(INPUT FOR THIS TASK begins)
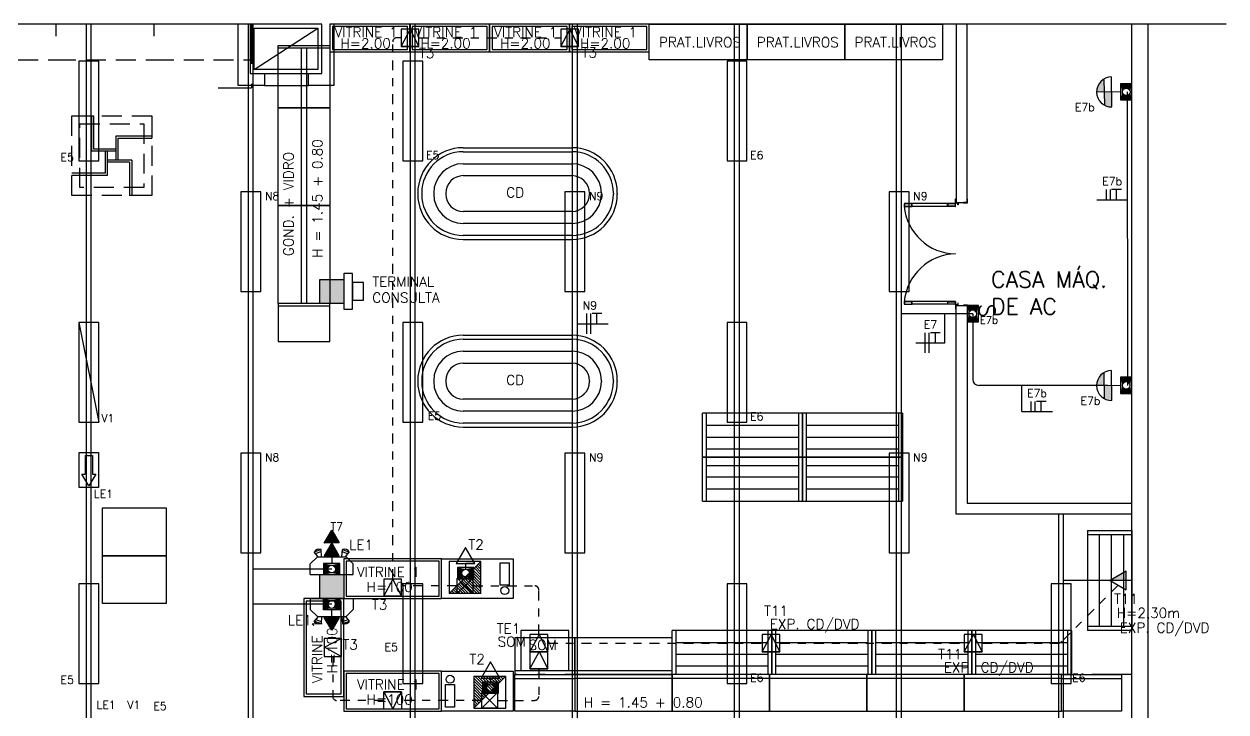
# Model space of a CAD drawing. Header units: metres. Extents: x -367 to 368, y -238 to 226.
# Drawn here: x 252.62 to 267.68, y 202.03 to 210.65 of the extents above; entities that cross this region are included whole.
import ezdxf
from ezdxf.enums import TextEntityAlignment as Align

# ---------------------------------------------------------------- set-up
doc = ezdxf.new("R2010")
doc.units = ezdxf.units.M
for name, pattern in [('CONTINOUS', [0]), ('DASHDOT2', [0.5, 0.25, -0.125, 0, -0.125]), ('LA_BAU_BASES GERAIS_R00$0$LA_BAU_MERC_R01$0$DASHDOT', [1, 0.5, -0.25, 0, -0.25]), ('LA_BAU_BASES GERAIS_R00$0$LA_BAU_MERC_R01$0$HIDDEN', [0.375, 0.25, -0.125])]:
    doc.linetypes.add(name, pattern=pattern)
for name, color, linetype in [('A-SIMBELET', 10, 'Continuous'), ('A-TOMADA', 10, 'Continuous'), ('ELE-ELÉTRICA', 160, 'Continuous'), ('INCENDIO', 10, 'CONTINOUS'), ('LA_BAU_BASES GERAIS_R00$0$base', 253, 'Continuous'), ('LA_BAU_LUM TÉRREO_R02$0$ARQ-HAC-251', 251, 'Continuous'), ('LA_BAU_LUM TÉRREO_R02$0$ARQ-LUM', 2, 'Continuous')]:
    doc.layers.add(name, color=color, linetype=linetype)
doc.styles.add('LA_BAU_BASES GERAIS_R00$0$LA_BAU_MERC_R01$0$R40-125-RS', font='romans.shx', dxfattribs={"height": 0.1248})
doc.styles.add('LA_BAU_BASES GERAIS_R00$0$LA_BAU_MERC_R01$0$RS80', font='ROMANS', dxfattribs={"height": 0.18})
doc.styles.add('LA_BAU_BASES GERAIS_R00$0$R60-125-RS', font='romans.shx', dxfattribs={"height": 0.19})
doc.styles.add('LA_BAU_BASES GERAIS_R00$0$R80-100-RS', font='romans.shx', dxfattribs={"height": 0.203})
doc.styles.get("Standard").update_dxf_attribs({"font": 'romans.shx'})
doc.styles.add('STANDARD-0.1', font='simplex.shx', dxfattribs={"height": 0.1})

# ---------------------------------------------------------------- blocks, each defined once
blk = doc.blocks.new('LA_BAU_BASES GERAIS_R00$0$LA_BAU_ALVENARIA TÉRREO_R01')
at = {"layer": 'LA_BAU_BASES GERAIS_R00$0$base'}
h = blk.add_hatch(color=256, dxfattribs=at)
h.dxf.hatch_style = 1
h.paths.add_polyline_path([(256.628, 207.45), (256.328, 207.45), (256.328, 207.15), (256.628, 207.15)])
h = blk.add_hatch(color=256, dxfattribs=at)
h.dxf.hatch_style = 1
h.paths.add_polyline_path([(256.628, 203.75), (256.328, 203.75), (256.328, 203.45), (256.628, 203.45)])
at = {"layer": 'LA_BAU_BASES GERAIS_R00$0$base', "linetype": 'Continuous'}
for p, q in [((255.305, 210.65), (243.995, 210.65)), ((255.305, 209.88), (255.305, 210.65)), ((256.355, 210.65), (255.455, 210.65)), ((255.455, 210.65), (255.455, 210.03)), ((256.355, 210.03), (256.355, 210.65)), ((267.681, 210.65), (256.505, 210.65)), ((256.505, 210.65), (256.505, 209.88)), ((255.505, 210.08), (256.305, 210.6)), ((255.455, 210.03), (255.635, 210.03)), ((255.635, 210.03), (256.186, 210.03)), ((255.635, 210.03), (255.635, 209.88)), ((256.186, 209.88), (256.186, 210.03)), ((256.186, 210.03), (256.355, 210.03)), ((255.635, 209.88), (255.305, 209.88)), ((255.635, 209.88), (256.186, 209.88)), ((256.505, 209.88), (256.186, 209.88)), ((264.29, 208.399), (263.747, 208.399)), ((264.29, 208.364), (263.747, 208.364)), ((264.29, 207.173), (263.747, 207.173)), ((264.29, 207.138), (263.747, 207.138))]:
    blk.add_line(p, q, dxfattribs=at)
for points in [[(264.299, 210.65), (264.299, 208.414), (264.439, 208.414), (264.439, 210.65)], [(267.681, 200.09), (266.75, 200.09), (266.75, 177.95), (266.41, 177.95), (266.41, 178.2), (266.5, 178.2), (266.5, 184.7), (265.4, 184.7), (265.4, 179.45), (265.15, 179.45), (265.15, 185.2), (265.4, 185.2), (265.4, 184.85), (266.5, 184.85), (266.5, 210.65)], [(266.7, 210.65), (266.7, 200.29), (267.681, 200.29)], [(263.747, 207.142), (263.747, 207.155), (263.751, 207.155)], [(264.197, 207.142), (264.197, 207.155), (264.194, 207.155)], [(266.5, 204.507), (264.299, 204.507), (264.299, 207.123), (264.439, 207.123), (264.439, 204.647), (266.5, 204.647)]]:
    blk.add_lwpolyline(points, dxfattribs=at)
blk.add_lwpolyline([(255.505, 210.08), (255.505, 210.6), (256.305, 210.6), (256.305, 210.08)], close=True, dxfattribs=at)
for points in [[(263.747, 208.364, 0.414214), (263.751, 208.368), (263.751, 208.395, 0.414214), (263.747, 208.399), (263.655, 208.399, 0.414214), (263.651, 208.395), (263.651, 208.368, 0.414214), (263.655, 208.364)], [(264.299, 208.417, 0.414214), (264.302, 208.414), (264.324, 208.414, -0.414214), (264.327, 208.411), (264.327, 208.409), (264.294, 208.409), (264.294, 208.46), (264.296, 208.46, -0.414214), (264.299, 208.457)], [(264.443, 208.409), (264.443, 208.46), (264.442, 208.46, 0.414214), (264.439, 208.457), (264.439, 208.417, -0.414214), (264.436, 208.414), (264.394, 208.414, 0.414214), (264.391, 208.411), (264.391, 208.409)], [(263.747, 207.173), (263.655, 207.173, 0.414214), (263.651, 207.169), (263.651, 207.142, 0.414214), (263.655, 207.138), (263.747, 207.138, 0.414214), (263.751, 207.142), (263.751, 207.169, 0.414214)], [(264.302, 207.123), (264.324, 207.123, 0.414214), (264.327, 207.126), (264.327, 207.127), (264.294, 207.127), (264.294, 207.077), (264.296, 207.077, 0.414214), (264.299, 207.08), (264.299, 207.12, -0.414214)], [(264.443, 207.127), (264.391, 207.127), (264.391, 207.126, 0.414214), (264.394, 207.123), (264.436, 207.123, -0.414214), (264.439, 207.12), (264.439, 207.08, 0.414214), (264.442, 207.077), (264.443, 207.077)]]:
    blk.add_lwpolyline(points, format="xyb", close=True, dxfattribs=at)
for points in [[(263.751, 208.382), (263.747, 208.382), (263.747, 208.395, 0.414214), (263.747, 208.396), (263.655, 208.396, 0.414214), (263.654, 208.395), (263.654, 208.368, 0.414214), (263.655, 208.367), (263.747, 208.367, 0.414214), (263.747, 208.368), (263.747, 208.381), (263.751, 208.381)], [(264.198, 208.364, -0.414214), (264.194, 208.368), (264.194, 208.395, -0.414214), (264.198, 208.399)], [(264.291, 208.368), (264.291, 208.395, 0.414214), (264.29, 208.396), (264.198, 208.396, 0.414214), (264.197, 208.395), (264.197, 208.382), (264.194, 208.382)], [(264.29, 208.364, 0.414214), (264.294, 208.368), (264.294, 208.395, 0.414214), (264.29, 208.399)], [(264.325, 208.409), (264.325, 208.384), (264.323, 208.384, -0.414214), (264.32, 208.387), (264.32, 208.402, 0.414214), (264.317, 208.405), (264.304, 208.405, -0.414214), (264.301, 208.408), (264.301, 208.409)], [(264.291, 208.368, -0.414214), (264.29, 208.367), (264.198, 208.367, -0.414214), (264.197, 208.368), (264.197, 208.381), (264.194, 208.381)], [(263.747, 207.17), (263.655, 207.17, 0.414214), (263.654, 207.169), (263.654, 207.142, 0.414214), (263.655, 207.141), (263.747, 207.141, 0.414214), (263.747, 207.142)], [(263.751, 207.156), (263.747, 207.156), (263.747, 207.169, 0.414214), (263.747, 207.17)], [(264.198, 207.173, 0.414214), (264.194, 207.169), (264.194, 207.142, 0.414214), (264.198, 207.138)], [(264.194, 207.156), (264.197, 207.156), (264.197, 207.169, -0.414214), (264.198, 207.17), (264.29, 207.17, -0.414214), (264.291, 207.169), (264.291, 207.142, -0.414214), (264.29, 207.141), (264.198, 207.141, -0.414214), (264.197, 207.142)], [(264.29, 207.138, 0.414214), (264.294, 207.142), (264.294, 207.169, 0.414214), (264.29, 207.173)], [(264.325, 207.127), (264.325, 207.152), (264.323, 207.152, 0.414214), (264.32, 207.149), (264.32, 207.135, -0.414214), (264.317, 207.132), (264.304, 207.132, 0.414214), (264.301, 207.129), (264.301, 207.127)]]:
    blk.add_lwpolyline(points, format="xyb", dxfattribs=at)
at = {"layer": 'LA_BAU_BASES GERAIS_R00$0$base'}
for points in [[(256.328, 207.45), (256.628, 207.45), (256.628, 207.15), (256.328, 207.15)], [(256.328, 203.75), (256.628, 203.75), (256.628, 203.45), (256.328, 203.45)]]:
    blk.add_lwpolyline(points, close=True, dxfattribs=at)
at = {"layer": 'LA_BAU_BASES GERAIS_R00$0$base', "linetype": 'Continuous'}
for centre, radius in [((264.296, 208.404), 0.00438), ((264.296, 208.404), 0.00238), ((264.296, 207.133), 0.00438), ((264.296, 207.133), 0.00238)]:
    blk.add_circle(centre, radius, dxfattribs=at)
for centre, radius, start, end in [((264.299, 208.422), 0.651, 184.7799, 269.5555), ((264.31, 207.109), 0.662, 91.3746, 174.8076)]:
    blk.add_arc(centre, radius, start, end, dxfattribs=at)
blk = doc.blocks.new('LA_BAU_BASES GERAIS_R00$0$LA_BAU_MERC_R01$0$V1-200')
for points in [[(0, -0.35), (1, -0.35), (1, 0), (0, 0)], [(0.03, -0.32), (0.97, -0.32), (0.97, -0.03), (0.03, -0.03)]]:
    blk.add_lwpolyline(points, close=True)
at = {"style": 'LA_BAU_BASES GERAIS_R00$0$LA_BAU_MERC_R01$0$R40-125-RS'}
for s, p in [('VITRINE 1', (0.057, -0.165)), ('H=2.00', (0.132, -0.305))]:
    blk.add_text(s, height=0.1248, dxfattribs=at).set_placement(p)
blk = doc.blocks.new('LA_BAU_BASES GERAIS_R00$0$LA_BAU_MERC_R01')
(INPUT FOR THIS TASK ends)
(GOAL OF THE EXERCISE):
Where does the string "name" appear in the records above? Show every line that holds it.

(WORKED SOLUTION):
for name, pattern in [('CONTINOUS', [0]), ('DASHDOT2', [0.5, 0.25, -0.125, 0, -0.125]), ('LA_BAU_BASES GERAIS_R00$0$LA_BAU_MERC_R01$0$DASHDOT', [1, 0.5, -0.25, 0, -0.25]), ('LA_BAU_BASES GERAIS_R00$0$LA_BAU_MERC_R01$0$HIDDEN', [0.375, 0.25, -0.125])]:
    doc.linetypes.add(name, pattern=pattern)
for name, color, linetype in [('A-SIMBELET', 10, 'Continuous'), ('A-TOMADA', 10, 'Continuous'), ('ELE-ELÉTRICA', 160, 'Continuous'), ('INCENDIO', 10, 'CONTINOUS'), ('LA_BAU_BASES GERAIS_R00$0$base', 253, 'Continuous'), ('LA_BAU_LUM TÉRREO_R02$0$ARQ-HAC-251', 251, 'Continuous'), ('LA_BAU_LUM TÉRREO_R02$0$ARQ-LUM', 2, 'Continuous')]:
    doc.layers.add(name, color=color, linetype=linetype)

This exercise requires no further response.